§ **INSTRUCTIONS TO FOLLOW**
Nothing outside the range below should be printed. Output exactly the lines from the line with "U$1, U$2: ANTENNA_PAD" to the line with "C1: 0.1 uF; 0805", both included.

§ **RECORDS TO PROCESS**
• • • •
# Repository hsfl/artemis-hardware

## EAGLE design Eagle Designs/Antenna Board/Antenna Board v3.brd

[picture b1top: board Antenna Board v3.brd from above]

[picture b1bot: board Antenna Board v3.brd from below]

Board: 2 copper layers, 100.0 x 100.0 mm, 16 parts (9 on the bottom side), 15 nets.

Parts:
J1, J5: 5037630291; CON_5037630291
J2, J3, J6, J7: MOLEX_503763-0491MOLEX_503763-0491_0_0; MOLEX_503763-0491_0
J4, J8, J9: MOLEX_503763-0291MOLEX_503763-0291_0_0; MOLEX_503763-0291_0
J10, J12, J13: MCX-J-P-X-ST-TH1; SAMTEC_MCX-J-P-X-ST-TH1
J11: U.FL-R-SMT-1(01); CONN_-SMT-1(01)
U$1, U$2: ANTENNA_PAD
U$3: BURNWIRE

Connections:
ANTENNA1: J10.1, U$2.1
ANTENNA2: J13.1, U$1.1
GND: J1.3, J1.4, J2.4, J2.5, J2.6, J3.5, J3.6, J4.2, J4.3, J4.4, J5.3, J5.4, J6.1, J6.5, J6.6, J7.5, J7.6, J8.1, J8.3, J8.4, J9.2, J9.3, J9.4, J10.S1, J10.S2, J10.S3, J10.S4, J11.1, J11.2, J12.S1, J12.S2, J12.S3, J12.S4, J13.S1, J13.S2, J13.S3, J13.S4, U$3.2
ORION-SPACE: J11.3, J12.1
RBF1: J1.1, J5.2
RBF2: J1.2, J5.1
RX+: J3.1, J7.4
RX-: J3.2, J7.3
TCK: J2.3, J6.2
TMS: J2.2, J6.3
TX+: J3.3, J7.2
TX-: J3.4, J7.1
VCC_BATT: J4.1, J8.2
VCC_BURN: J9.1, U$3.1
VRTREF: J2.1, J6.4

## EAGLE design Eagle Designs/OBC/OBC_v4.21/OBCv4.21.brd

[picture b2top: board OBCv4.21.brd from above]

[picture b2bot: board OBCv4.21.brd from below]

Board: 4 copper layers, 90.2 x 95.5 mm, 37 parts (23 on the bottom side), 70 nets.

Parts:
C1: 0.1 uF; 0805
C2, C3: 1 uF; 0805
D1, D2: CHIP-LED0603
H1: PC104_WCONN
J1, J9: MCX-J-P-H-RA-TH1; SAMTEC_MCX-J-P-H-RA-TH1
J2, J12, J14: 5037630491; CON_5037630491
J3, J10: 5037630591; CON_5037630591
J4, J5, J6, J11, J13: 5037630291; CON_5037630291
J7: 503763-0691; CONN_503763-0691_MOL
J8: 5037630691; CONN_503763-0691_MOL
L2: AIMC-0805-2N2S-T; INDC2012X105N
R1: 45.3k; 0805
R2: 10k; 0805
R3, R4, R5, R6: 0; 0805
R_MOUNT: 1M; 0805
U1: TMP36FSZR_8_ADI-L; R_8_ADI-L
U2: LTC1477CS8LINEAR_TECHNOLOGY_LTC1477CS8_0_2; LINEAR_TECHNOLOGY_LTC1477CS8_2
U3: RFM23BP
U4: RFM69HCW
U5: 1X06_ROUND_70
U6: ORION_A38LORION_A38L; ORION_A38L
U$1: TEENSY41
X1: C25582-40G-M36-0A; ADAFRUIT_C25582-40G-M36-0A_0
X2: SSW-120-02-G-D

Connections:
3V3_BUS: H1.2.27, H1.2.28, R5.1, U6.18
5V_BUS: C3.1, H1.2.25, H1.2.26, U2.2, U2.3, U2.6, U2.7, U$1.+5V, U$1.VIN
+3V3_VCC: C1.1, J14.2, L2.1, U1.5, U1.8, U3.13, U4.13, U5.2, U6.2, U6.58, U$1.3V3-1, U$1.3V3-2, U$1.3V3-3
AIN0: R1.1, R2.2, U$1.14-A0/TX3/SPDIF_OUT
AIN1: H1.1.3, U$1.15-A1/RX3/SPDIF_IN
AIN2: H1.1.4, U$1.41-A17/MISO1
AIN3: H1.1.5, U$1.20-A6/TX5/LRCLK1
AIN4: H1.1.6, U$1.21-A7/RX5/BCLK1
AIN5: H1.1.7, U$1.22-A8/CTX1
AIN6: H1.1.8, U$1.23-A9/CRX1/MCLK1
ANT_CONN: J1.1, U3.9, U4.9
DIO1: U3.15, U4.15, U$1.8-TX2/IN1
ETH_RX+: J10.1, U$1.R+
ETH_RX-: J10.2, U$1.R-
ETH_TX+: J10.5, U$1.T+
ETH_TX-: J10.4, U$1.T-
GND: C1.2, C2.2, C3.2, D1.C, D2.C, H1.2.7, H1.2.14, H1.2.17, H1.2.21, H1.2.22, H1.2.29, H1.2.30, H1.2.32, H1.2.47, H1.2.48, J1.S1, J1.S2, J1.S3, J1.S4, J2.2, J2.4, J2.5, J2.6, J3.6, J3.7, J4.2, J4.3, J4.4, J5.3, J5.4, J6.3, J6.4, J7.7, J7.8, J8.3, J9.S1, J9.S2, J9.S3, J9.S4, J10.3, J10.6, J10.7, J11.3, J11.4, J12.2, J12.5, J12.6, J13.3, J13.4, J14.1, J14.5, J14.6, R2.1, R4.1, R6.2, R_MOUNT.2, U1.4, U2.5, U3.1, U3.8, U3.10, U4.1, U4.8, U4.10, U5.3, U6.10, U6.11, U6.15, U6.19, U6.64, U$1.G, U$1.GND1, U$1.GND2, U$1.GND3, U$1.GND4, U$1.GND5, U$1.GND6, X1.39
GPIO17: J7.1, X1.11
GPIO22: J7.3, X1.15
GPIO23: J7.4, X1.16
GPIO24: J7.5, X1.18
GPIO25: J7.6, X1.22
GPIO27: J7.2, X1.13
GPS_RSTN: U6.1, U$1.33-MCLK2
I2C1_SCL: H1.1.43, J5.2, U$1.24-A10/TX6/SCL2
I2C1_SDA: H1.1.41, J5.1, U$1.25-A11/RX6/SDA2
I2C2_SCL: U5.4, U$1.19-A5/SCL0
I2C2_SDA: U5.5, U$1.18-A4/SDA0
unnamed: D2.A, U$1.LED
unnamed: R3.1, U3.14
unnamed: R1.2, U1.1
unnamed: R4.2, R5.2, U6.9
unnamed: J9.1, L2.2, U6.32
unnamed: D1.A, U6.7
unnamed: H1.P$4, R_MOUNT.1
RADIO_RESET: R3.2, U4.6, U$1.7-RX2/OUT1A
• • • •
§ **RESULT FOR THIS EXERCISE**
U$1, U$2: ANTENNA_PAD
U$3: BURNWIRE

Connections:
ANTENNA1: J10.1, U$2.1
ANTENNA2: J13.1, U$1.1
GND: J1.3, J1.4, J2.4, J2.5, J2.6, J3.5, J3.6, J4.2, J4.3, J4.4, J5.3, J5.4, J6.1, J6.5, J6.6, J7.5, J7.6, J8.1, J8.3, J8.4, J9.2, J9.3, J9.4, J10.S1, J10.S2, J10.S3, J10.S4, J11.1, J11.2, J12.S1, J12.S2, J12.S3, J12.S4, J13.S1, J13.S2, J13.S3, J13.S4, U$3.2
ORION-SPACE: J11.3, J12.1
RBF1: J1.1, J5.2
RBF2: J1.2, J5.1
RX+: J3.1, J7.4
RX-: J3.2, J7.3
TCK: J2.3, J6.2
TMS: J2.2, J6.3
TX+: J3.3, J7.2
TX-: J3.4, J7.1
VCC_BATT: J4.1, J8.2
VCC_BURN: J9.1, U$3.1
VRTREF: J2.1, J6.4

## EAGLE design Eagle Designs/OBC/OBC_v4.21/OBCv4.21.brd

[picture b2top: board OBCv4.21.brd from above]

[picture b2bot: board OBCv4.21.brd from below]

Board: 4 copper layers, 90.2 x 95.5 mm, 37 parts (23 on the bottom side), 70 nets.

Parts:
C1: 0.1 uF; 0805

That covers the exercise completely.